One of the tasks engaged in by Porltand was to investigate and question any ship that was not identifying itself via AIS.
West said: “In the Gulf of Guinea, we found that that was an anti-piracy measure. They were switching off their systems because they felt unsafe and therefore we were in a position to reassure them that we were operating in the area.”
“For others,” West continued, “we came across factory fishing ships that we believed were fishing illegally and said that their systems had broken, so we reported them to the local forces so that they could take appropriate action because we are not in a position to do so.”
“We also came across a few merchant vessels who, for reasons best known to themselves, on passage decided to switch it (the AIS) off as well,” West added, “we report all things like that.”
West said that the word definitely got out because vessels in some of the countries they visited knew they were coming as they’d already heard on the grapevine that they were patrolling and questioning ships.

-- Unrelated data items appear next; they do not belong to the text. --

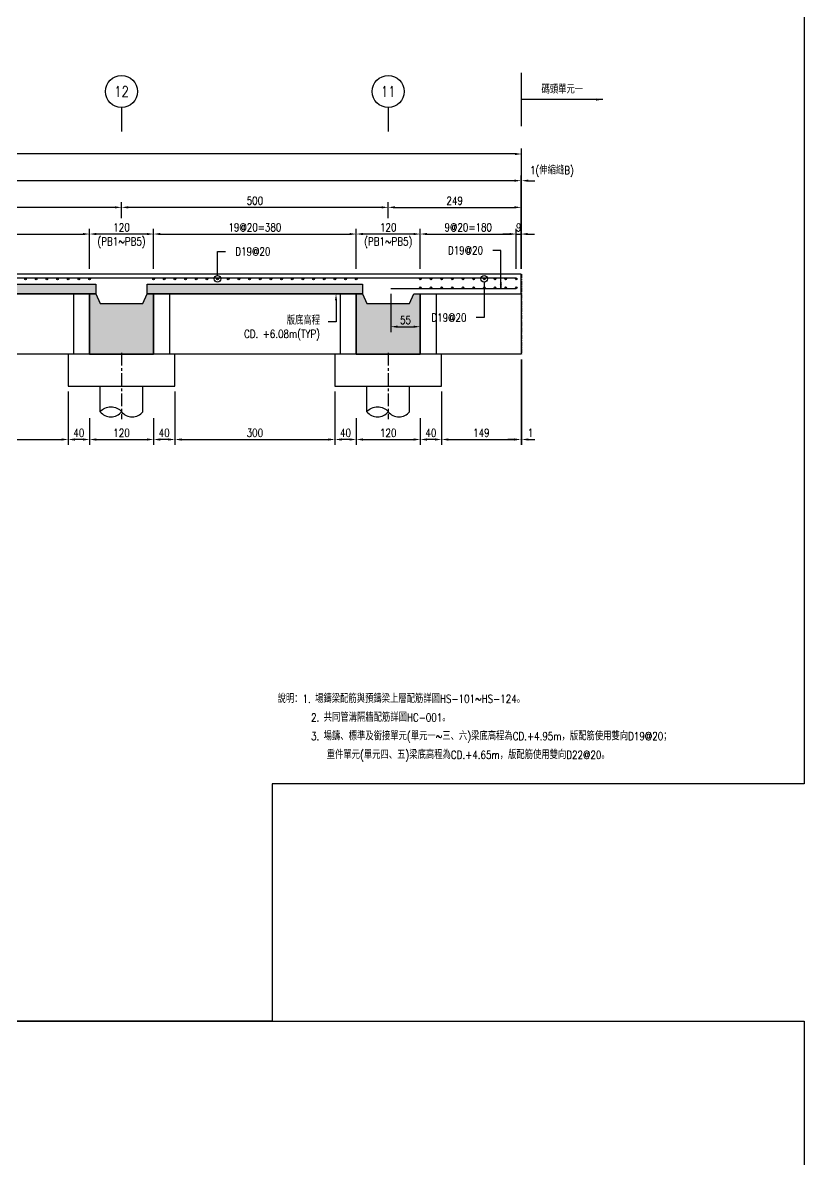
# Model space of a CAD drawing. Extents: x -791 to 13121, y -31587 to 2944.
# Drawn here: x 2480 to 3945, y -11309 to -9179 of the extents above; entities that cross this region are included whole.
import ezdxf
from ezdxf import colors
from ezdxf.entities.mleader import LeaderData, LeaderLine
from ezdxf.enums import TextEntityAlignment as Align
from ezdxf.math import Vec2, Vec3

# ---------------------------------------------------------------- set-up
doc = ezdxf.new("R2010")
doc.units = 0
doc.header["$LTSCALE"] = 0.05
doc.linetypes.add('CENTER', pattern=[50.8, 31.75, -6.35, 6.35, -6.35])
doc.layers.get('0').update_dxf_attribs({"linetype": 'CONTINUOUS'})
doc.layers.get('Defpoints').update_dxf_attribs({"linetype": 'CONTINUOUS'})
for name, color, linetype in [('HB_0', 7, 'CONTINUOUS'), ('HB_DIM', 1, 'CONTINUOUS'), ('HB_ReBar', 3, 'CONTINUOUS'), ('HB_SYMBOLS', 7, 'CONTINUOUS'), ('底圖', 7, 'CONTINUOUS'), ('預鑄梁', 4, 'CONTINUOUS'), ('預鑄版_HATCH', 253, 'CONTINUOUS')]:
    doc.layers.add(name, color=color, linetype=linetype)
doc.styles.get("Standard").update_dxf_attribs({"font": 'ROMANS.shx', "width": 0.8, "bigfont": 'lchinap.shx'})
doc.dimstyles.new('50cm', dxfattribs={"dimscale": 5, "dimtxt": 3, "dimasz": 2.5, "dimexe": 2, "dimexo": 2, "dimgap": 1, "dimtad": 1, "dimdsep": 46, "dimtxsty": 'Standard', "dimcen": 0, "dimclrt": 2, "dimadec": 0, "dimazin": 0, "dimtfac": 1, "dimtix": 1, "dimtmove": 2, "dimatfit": 3, "dimfxl": 0, "dimtolj": 1, "dimtzin": 0, "dimarcsym": 0})

# ---------------------------------------------------------------- blocks, each defined once
blk = doc.blocks.new('說明')
at = {"layer": 'HB_0', "color": 2, "width": 0.8}
for s, p in [('說明：1. 場鑄梁配筋與預鑄梁上層配筋詳圖HS-101~HS-124。', (-838, 159.1)), ('2. 共同管溝隔牆配筋詳圖HC-001。', (-775.1, 124.1))]:
    blk.add_text(s, height=15, dxfattribs=at).set_placement(p, align=Align.MIDDLE_LEFT)
at = {"layer": 'HB_0', "color": 2, "linetype": 'Continuous', "width": 0.8}
for s, p in [('3. 場鑄、標準及銜接單元(單元一~三、六)梁底高程為CD.+4.95m，版配筋使用雙向D19@20；', (-775.1, 89.1)), ('重件單元(單元四、五)梁底高程為CD.+4.65m，版配筋使用雙向D22@20。', (-745.8, 54.1))]:
    blk.add_text(s, height=15, dxfattribs=at).set_placement(p, align=Align.MIDDLE_LEFT)
blk = doc.blocks.new('gr_t')
at = {"layer": 'HB_SYMBOLS', "color": 4, "linetype": 'Continuous'}
blk.add_line((0, -6), (0, -15), dxfattribs=at)
blk.add_circle((0, 0), 6, dxfattribs=at)
at = {"layer": 'HB_SYMBOLS', "color": 4, "linetype": 'Continuous', "width": 0.8}
blk.add_attdef('A', text='', height=4.5, dxfattribs=at).set_placement((0, 0), align=Align.MIDDLE)
blk = doc.blocks.new('*D1991')
at = {"layer": 'Defpoints', "color": 0}
for p in [(2499, 325), (2499, 150), (2500, 150)]:
    blk.add_point(p, dxfattribs=at)
at = {"layer": 'HB_DIM', "color": 0, "lineweight": -2}
for p, q in [((2486.5, 325), (2474, 325)), ((2499, 160), (2499, 335)), ((2500, 325), (2499, 325)), ((2500, 160), (2500, 335)), ((2512.5, 325), (2525, 325))]:
    blk.add_line(p, q, dxfattribs=at)
at = {"layer": 'HB_DIM', "color": 0}
for points in [[(2486.5, 327.1), (2486.5, 322.9), (2499, 325)], [(2512.5, 327.1), (2512.5, 322.9), (2500, 325)]]:
    blk.add_solid(points, dxfattribs=at)
at = {"layer": 'HB_DIM', "color": 2, "insert": (2556.9, 341.9), "char_height": 15, "attachment_point": 5}
blk.add_mtext('\\A1;1(伸縮縫B)', dxfattribs=at)
blk = doc.blocks.new('*D1992')
at = {"layer": 'Defpoints', "color": 0}
for p in [(2190, 225), (1810, 150), (2190, 150)]:
    blk.add_point(p, dxfattribs=at)
at = {"layer": 'HB_DIM', "color": 0, "lineweight": -2}
for p, q in [((1810, 160), (1810, 235)), ((2190, 160), (2190, 235)), ((1822.5, 225), (2177.5, 225))]:
    blk.add_line(p, q, dxfattribs=at)
at = {"layer": 'HB_DIM', "color": 0}
for points in [[(1822.5, 227.1), (1822.5, 222.9), (1810, 225)], [(2177.5, 227.1), (2177.5, 222.9), (2190, 225)]]:
    blk.add_solid(points, dxfattribs=at)
at = {"layer": 'HB_DIM', "color": 2, "insert": (2000, 237.5), "char_height": 15, "attachment_point": 5}
blk.add_mtext('\\A1;19@20=380', dxfattribs=at)
blk = doc.blocks.new('*D1993')
at = {"layer": 'Defpoints', "color": 0}
for p in [(2499, 275), (2250, 245), (2499, 245)]:
    blk.add_point(p, dxfattribs=at)
at = {"layer": 'HB_DIM', "color": 0, "lineweight": -2}
for p, q in [((2250, 255), (2250, 285)), ((2499, 255), (2499, 285)), ((2262.5, 275), (2486.5, 275))]:
    blk.add_line(p, q, dxfattribs=at)
at = {"layer": 'HB_DIM', "color": 0}
for points in [[(2262.5, 277.1), (2262.5, 272.9), (2250, 275)], [(2486.5, 277.1), (2486.5, 272.9), (2499, 275)]]:
    blk.add_solid(points, dxfattribs=at)
at = {"layer": 'HB_DIM', "color": 2, "insert": (2374.5, 287.5), "char_height": 15, "attachment_point": 5}
blk.add_mtext('\\A1;249', dxfattribs=at)
blk = doc.blocks.new('ReBarPoint')
at = {"layer": 'HB_0'}
h = blk.add_hatch(color=0, dxfattribs=at)
h.dxf.hatch_style = 1
edge = h.paths.add_edge_path()
edge.add_arc((0, 0), 1.5, 0, 360)
at = {"layer": 'HB_ReBar', "color": 0}
blk.add_circle((0, 0), 1.5, dxfattribs=at)
blk = doc.blocks.new('預鑄樁帽2x2')
at = {"layer": 'HB_0'}
blk.add_lwpolyline([(-100, 0), (100, 0), (100, 60), (-100, 60)], close=True, dxfattribs=at)
blk = doc.blocks.new('PB2')
at = {"layer": 'HB_0'}
h = blk.add_hatch(color=253, dxfattribs=at)
h.dxf.hatch_style = 1
h.paths.add_polyline_path([(0, 0), (0, 113), (12, 113), (20, 95), (100, 95), (108, 113), (120, 113), (120, 0)])
at = {"layer": '預鑄梁'}
blk.add_lwpolyline([(0, 0), (0, 113), (12, 113), (20, 95), (100, 95), (108, 113), (120, 113), (120, 0), (0, 0)], dxfattribs=at)
blk = doc.blocks.new('PS57')
at = {"layer": '預鑄版_HATCH', "linetype": 'Continuous'}
h = blk.add_hatch(color=256, dxfattribs=at)
h.dxf.hatch_style = 2
h.paths.add_polyline_path([(0, 18), (404, 18), (404, 0), (0, 0)])
at = {"layer": 'HB_0', "color": 7, "linetype": 'Continuous'}
blk.add_lwpolyline([(0, 18), (404, 18), (404, 0), (0, 0)], close=True, dxfattribs=at)
blk = doc.blocks.new('*D1994')
at = {"layer": 'Defpoints', "color": 0}
for p in [(1750, 275), (1750, 245), (2250, 245)]:
    blk.add_point(p, dxfattribs=at)
at = {"layer": 'HB_DIM', "color": 0, "lineweight": -2}
for p, q in [((1750, 255), (1750, 285)), ((2250, 255), (2250, 285)), ((2237.5, 275), (1762.5, 275))]:
    blk.add_line(p, q, dxfattribs=at)
at = {"layer": 'HB_DIM', "color": 0}
for points in [[(1762.5, 277.1), (1762.5, 272.9), (1750, 275)], [(2237.5, 277.1), (2237.5, 272.9), (2250, 275)]]:
    blk.add_solid(points, dxfattribs=at)
at = {"layer": 'HB_DIM', "color": 2, "insert": (2000, 287.5), "char_height": 15, "attachment_point": 5}
blk.add_mtext('\\A1;500', dxfattribs=at)
blk = doc.blocks.new('*D1995')
at = {"layer": 'Defpoints', "color": 0}
for p in [(1690, 225), (1310, 150), (1690, 150)]:
    blk.add_point(p, dxfattribs=at)
at = {"layer": 'HB_DIM', "color": 0, "lineweight": -2}
for p, q in [((1310, 160), (1310, 235)), ((1690, 160), (1690, 235)), ((1322.5, 225), (1677.5, 225))]:
    blk.add_line(p, q, dxfattribs=at)
at = {"layer": 'HB_DIM', "color": 0}
for points in [[(1322.5, 227.1), (1322.5, 222.9), (1310, 225)], [(1677.5, 227.1), (1677.5, 222.9), (1690, 225)]]:
    blk.add_solid(points, dxfattribs=at)
at = {"layer": 'HB_DIM', "color": 2, "insert": (1500, 237.5), "char_height": 15, "attachment_point": 5}
blk.add_mtext('\\A1;19@20=380', dxfattribs=at)
blk = doc.blocks.new('*D1996')
at = {"layer": 'Defpoints', "color": 0}
for p in [(1250, 275), (1250, 245), (1750, 245)]:
    blk.add_point(p, dxfattribs=at)
at = {"layer": 'HB_DIM', "color": 0, "lineweight": -2}
for p, q in [((1250, 255), (1250, 285)), ((1750, 255), (1750, 285)), ((1737.5, 275), (1262.5, 275))]:
    blk.add_line(p, q, dxfattribs=at)
at = {"layer": 'HB_DIM', "color": 0}
for points in [[(1262.5, 277.1), (1262.5, 272.9), (1250, 275)], [(1737.5, 277.1), (1737.5, 272.9), (1750, 275)]]:
    blk.add_solid(points, dxfattribs=at)
at = {"layer": 'HB_DIM', "color": 2, "insert": (1500, 287.5), "char_height": 15, "attachment_point": 5}
blk.add_mtext('\\A1;500', dxfattribs=at)
blk = doc.blocks.new('*D1999')
at = {"layer": 'Defpoints', "color": 0}
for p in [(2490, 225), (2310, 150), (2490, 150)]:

Besides actual patrol, Portland also interacted with the armed forces of the West African countries they visited. Many of these countries concentrate on illegal activities on the land side, thus pushing the illegal operations onto the seaward side.
West noted that operations should be conducted on both land and at sea, taking away the incentive for the illegal activities, including piracy, narcotics, people smuggling and illegal fishing.
“A lot of countries on the West Coast are losing incomes to their economies because of what is happening in their waters,” West said.
Continuing, she said that “not many navies on the (West) coast actually patrol their waters, let alone their economic zones and so we were spending a lot of time making sure that people were aware of what they can do to counter that.”
“Our presence is a deterrent and a statement of support of the UK’s support for the region,” West said, “and the shared vision to successfully police the waters, and that is anything from piracy to illegal fishing.”
Commissioned into the RN on 3 May 2001, Portland was upgraded in 2012, making her a versatile and capable platform which operates globally and undertakes a wide range of roles.
Following a two-week maintenance period at Naval Base Simon’s Town, Portland will continue her patrol in the south Atlantic.